Task description:
In the records below, begin at the line containing "#119=FACE_BOUND('',#118,.T.);" and end at the line containing "#132=ORIENTED_EDGE('',*,*,#54,.F.);"; quote every line in that span exactly, including both boundary lines, and no others.
-- Given data follows --
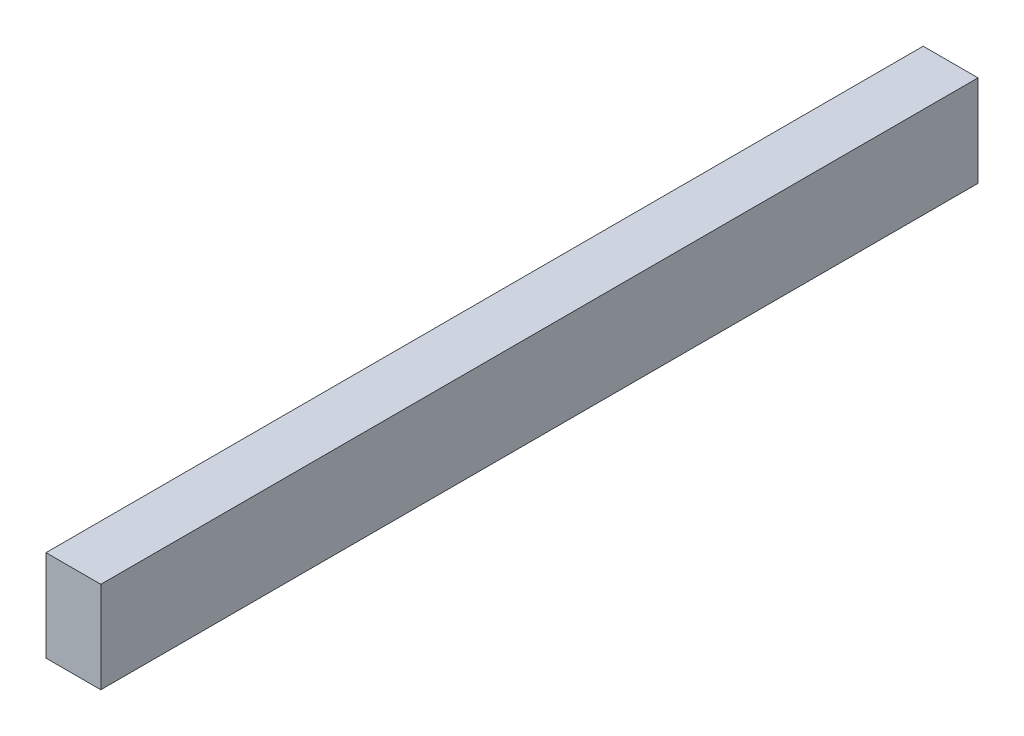
ISO-10303-21;
HEADER;
FILE_DESCRIPTION(('STEP AP214'),'2;1');
FILE_NAME('part.step','',(''),(''),'','','');
FILE_SCHEMA(('AUTOMOTIVE_DESIGN { 1 0 10303 214 1 1 1 1 }'));
ENDSEC;
DATA;
#1=APPLICATION_CONTEXT('core data for automotive mechanical design processes');
#2=APPLICATION_PROTOCOL_DEFINITION('international standard','automotive_design',2000,#1);
#3=PRODUCT_CONTEXT('',#1,'mechanical');
#4=PRODUCT('Part','Part','',(#3));
#5=PRODUCT_RELATED_PRODUCT_CATEGORY('part','',(#4));
#6=PRODUCT_DEFINITION_FORMATION('','',#4);
#7=PRODUCT_DEFINITION_CONTEXT('part definition',#1,'design');
#8=PRODUCT_DEFINITION('design','',#6,#7);
#9=PRODUCT_DEFINITION_SHAPE('','',#8);
#10=(LENGTH_UNIT() NAMED_UNIT(*) SI_UNIT(.MILLI.,.METRE.));
#11=(NAMED_UNIT(*) PLANE_ANGLE_UNIT() SI_UNIT($,.RADIAN.));
#12=(NAMED_UNIT(*) SI_UNIT($,.STERADIAN.) SOLID_ANGLE_UNIT());
#13=UNCERTAINTY_MEASURE_WITH_UNIT(LENGTH_MEASURE(1.E-05),#10,'distance_accuracy_value','');
#14=(GEOMETRIC_REPRESENTATION_CONTEXT(3) GLOBAL_UNCERTAINTY_ASSIGNED_CONTEXT((#13)) GLOBAL_UNIT_ASSIGNED_CONTEXT((#10,
#11,#12)) REPRESENTATION_CONTEXT('',''));
#15=CARTESIAN_POINT('',(0.,0.,0.));
#16=DIRECTION('',(0.,0.,1.));
#17=DIRECTION('',(1.,0.,0.));
#18=AXIS2_PLACEMENT_3D('',#15,#16,#17);
#19=CARTESIAN_POINT('',(19.05,-31.75,609.6));
#20=DIRECTION('',(-1.,0.,0.));
#21=DIRECTION('',(0.,0.,1.));
#22=AXIS2_PLACEMENT_3D('',#19,#20,#21);
#23=PLANE('',#22);
#24=DIRECTION('',(0.,1.,0.));
#25=VECTOR('',#24,1.);
#26=CARTESIAN_POINT('',(19.05,-31.75,0.));
#27=LINE('',#26,#25);
#28=CARTESIAN_POINT('',(19.05,-31.75,0.));
#29=VERTEX_POINT('',#28);
#30=CARTESIAN_POINT('',(19.05,31.75,0.));
#31=VERTEX_POINT('',#30);
#32=EDGE_CURVE('E96',#29,#31,#27,.T.);
#33=ORIENTED_EDGE('',*,*,#32,.T.);
#34=DIRECTION('',(0.,0.,-1.));
#35=VECTOR('',#34,1.);
#36=CARTESIAN_POINT('',(19.05,31.75,609.6));
#37=LINE('',#36,#35);
#38=CARTESIAN_POINT('',(19.05,31.75,609.6));
#39=VERTEX_POINT('',#38);
#40=EDGE_CURVE('E11',#39,#31,#37,.T.);
#41=ORIENTED_EDGE('',*,*,#40,.F.);
#42=DIRECTION('',(0.,1.,0.));
#43=VECTOR('',#42,1.);
#44=CARTESIAN_POINT('',(19.05,-31.75,609.6));
#45=LINE('',#44,#43);
#46=CARTESIAN_POINT('',(19.05,-31.75,609.6));
#47=VERTEX_POINT('',#46);
#48=EDGE_CURVE('E84',#47,#39,#45,.T.);
#49=ORIENTED_EDGE('',*,*,#48,.F.);
#50=DIRECTION('',(0.,0.,-1.));
#51=VECTOR('',#50,1.);
#52=CARTESIAN_POINT('',(19.05,-31.75,609.6));
#53=LINE('',#52,#51);
#54=EDGE_CURVE('E92',#47,#29,#53,.T.);
#55=ORIENTED_EDGE('',*,*,#54,.T.);
#56=EDGE_LOOP('',(#33,#41,#49,#55));
#57=FACE_BOUND('',#56,.T.);
#58=ADVANCED_FACE('F33',(#57),#23,.F.);
#59=CARTESIAN_POINT('',(-19.05,31.75,609.6));
#60=DIRECTION('',(0.,-1.,0.));
#61=DIRECTION('',(0.,0.,-1.));
#62=AXIS2_PLACEMENT_3D('',#59,#60,#61);
#63=PLANE('',#62);
#64=DIRECTION('',(-1.,0.,0.));
#65=VECTOR('',#64,1.);
#66=CARTESIAN_POINT('',(-19.05,31.75,0.));
#67=LINE('',#66,#65);
#68=CARTESIAN_POINT('',(-19.05,31.75,0.));
#69=VERTEX_POINT('',#68);
#70=EDGE_CURVE('E88',#31,#69,#67,.T.);
#71=ORIENTED_EDGE('',*,*,#70,.T.);
#72=DIRECTION('',(0.,0.,-1.));
#73=VECTOR('',#72,1.);
#74=CARTESIAN_POINT('',(-19.05,31.75,609.6));
#75=LINE('',#74,#73);
#76=CARTESIAN_POINT('',(-19.05,31.75,609.6));
#77=VERTEX_POINT('',#76);
#78=EDGE_CURVE('E41',#77,#69,#75,.T.);
#79=ORIENTED_EDGE('',*,*,#78,.F.);
#80=DIRECTION('',(-1.,0.,0.));
#81=VECTOR('',#80,1.);
#82=CARTESIAN_POINT('',(-19.05,31.75,609.6));
#83=LINE('',#82,#81);
#84=EDGE_CURVE('E79',#39,#77,#83,.T.);
#85=ORIENTED_EDGE('',*,*,#84,.F.);
#86=ORIENTED_EDGE('',*,*,#40,.T.);
#87=EDGE_LOOP('',(#71,#79,#85,#86));
#88=FACE_BOUND('',#87,.T.);
#89=ADVANCED_FACE('F87',(#88),#63,.F.);
#90=CARTESIAN_POINT('',(-19.05,-31.75,609.6));
#91=DIRECTION('',(1.,0.,0.));
#92=DIRECTION('',(0.,0.,-1.));
#93=AXIS2_PLACEMENT_3D('',#90,#91,#92);
#94=PLANE('',#93);
#95=DIRECTION('',(0.,-1.,0.));
#96=VECTOR('',#95,1.);
#97=CARTESIAN_POINT('',(-19.05,-31.75,0.));
#98=LINE('',#97,#96);
#99=CARTESIAN_POINT('',(-19.05,-31.75,0.));
#100=VERTEX_POINT('',#99);
#101=EDGE_CURVE('E66',#69,#100,#98,.T.);
#102=ORIENTED_EDGE('',*,*,#101,.T.);
#103=DIRECTION('',(0.,0.,-1.));
#104=VECTOR('',#103,1.);
#105=CARTESIAN_POINT('',(-19.05,-31.75,609.6));
#106=LINE('',#105,#104);
#107=CARTESIAN_POINT('',(-19.05,-31.75,609.6));
#108=VERTEX_POINT('',#107);
#109=EDGE_CURVE('E89',#108,#100,#106,.T.);
#110=ORIENTED_EDGE('',*,*,#109,.F.);
#111=DIRECTION('',(0.,-1.,0.));
#112=VECTOR('',#111,1.);
#113=CARTESIAN_POINT('',(-19.05,-31.75,609.6));
#114=LINE('',#113,#112);
#115=EDGE_CURVE('E82',#77,#108,#114,.T.);
#116=ORIENTED_EDGE('',*,*,#115,.F.);
#117=ORIENTED_EDGE('',*,*,#78,.T.);
#118=EDGE_LOOP('',(#102,#110,#116,#117));
#119=FACE_BOUND('',#118,.T.);
#120=ADVANCED_FACE('F90',(#119),#94,.F.);
#121=CARTESIAN_POINT('',(-19.05,-31.75,609.6));
#122=DIRECTION('',(0.,1.,0.));
#123=DIRECTION('',(0.,0.,1.));
#124=AXIS2_PLACEMENT_3D('',#121,#122,#123);
#125=PLANE('',#124);
#126=DIRECTION('',(1.,0.,0.));
#127=VECTOR('',#126,1.);
#128=CARTESIAN_POINT('',(-19.05,-31.75,0.));
#129=LINE('',#128,#127);
#130=EDGE_CURVE('E72',#100,#29,#129,.T.);
#131=ORIENTED_EDGE('',*,*,#130,.T.);
#132=ORIENTED_EDGE('',*,*,#54,.F.);
#133=DIRECTION('',(1.,0.,0.));
#134=VECTOR('',#133,1.);
#135=CARTESIAN_POINT('',(-19.05,-31.75,609.6));
#136=LINE('',#135,#134);
#137=EDGE_CURVE('E49',#108,#47,#136,.T.);
#138=ORIENTED_EDGE('',*,*,#137,.F.);
#139=ORIENTED_EDGE('',*,*,#109,.T.);
#140=EDGE_LOOP('',(#131,#132,#138,#139));
#141=FACE_BOUND('',#140,.T.);
#142=ADVANCED_FACE('F103',(#141),#125,.F.);
#143=CARTESIAN_POINT('',(0.,0.,609.6));
#144=DIRECTION('',(0.,0.,-1.));
#145=DIRECTION('',(-1.,0.,0.));
#146=AXIS2_PLACEMENT_3D('',#143,#144,#145);
#147=PLANE('',#146);
#148=ORIENTED_EDGE('',*,*,#48,.T.);
#149=ORIENTED_EDGE('',*,*,#84,.T.);
#150=ORIENTED_EDGE('',*,*,#115,.T.);
#151=ORIENTED_EDGE('',*,*,#137,.T.);
#152=EDGE_LOOP('',(#148,#149,#150,#151));
#153=FACE_BOUND('',#152,.T.);
#154=ADVANCED_FACE('F80',(#153),#147,.F.);
#155=CARTESIAN_POINT('',(0.,0.,0.));
#156=DIRECTION('',(0.,0.,-1.));
#157=DIRECTION('',(-1.,0.,0.));
#158=AXIS2_PLACEMENT_3D('',#155,#156,#157);
#159=PLANE('',#158);
#160=ORIENTED_EDGE('',*,*,#32,.F.);
#161=ORIENTED_EDGE('',*,*,#130,.F.);
#162=ORIENTED_EDGE('',*,*,#101,.F.);
#163=ORIENTED_EDGE('',*,*,#70,.F.);
#164=EDGE_LOOP('',(#160,#161,#162,#163));
#165=FACE_BOUND('',#164,.T.);
#166=ADVANCED_FACE('F106',(#165),#159,.T.);
#167=CLOSED_SHELL('',(#58,#89,#120,#142,#154,#166));
#168=MANIFOLD_SOLID_BREP('B2',#167);
#169=ADVANCED_BREP_SHAPE_REPRESENTATION('',(#18,#168),#14);
#170=SHAPE_DEFINITION_REPRESENTATION(#9,#169);
ENDSEC;
END-ISO-10303-21;
-- Given data concluded --
Written solution:
#119=FACE_BOUND('',#118,.T.);
#120=ADVANCED_FACE('F90',(#119),#94,.F.);
#121=CARTESIAN_POINT('',(-19.05,-31.75,609.6));
#122=DIRECTION('',(0.,1.,0.));
#123=DIRECTION('',(0.,0.,1.));
#124=AXIS2_PLACEMENT_3D('',#121,#122,#123);
#125=PLANE('',#124);
#126=DIRECTION('',(1.,0.,0.));
#127=VECTOR('',#126,1.);
#128=CARTESIAN_POINT('',(-19.05,-31.75,0.));
#129=LINE('',#128,#127);
#130=EDGE_CURVE('E72',#100,#29,#129,.T.);
#131=ORIENTED_EDGE('',*,*,#130,.T.);
#132=ORIENTED_EDGE('',*,*,#54,.F.);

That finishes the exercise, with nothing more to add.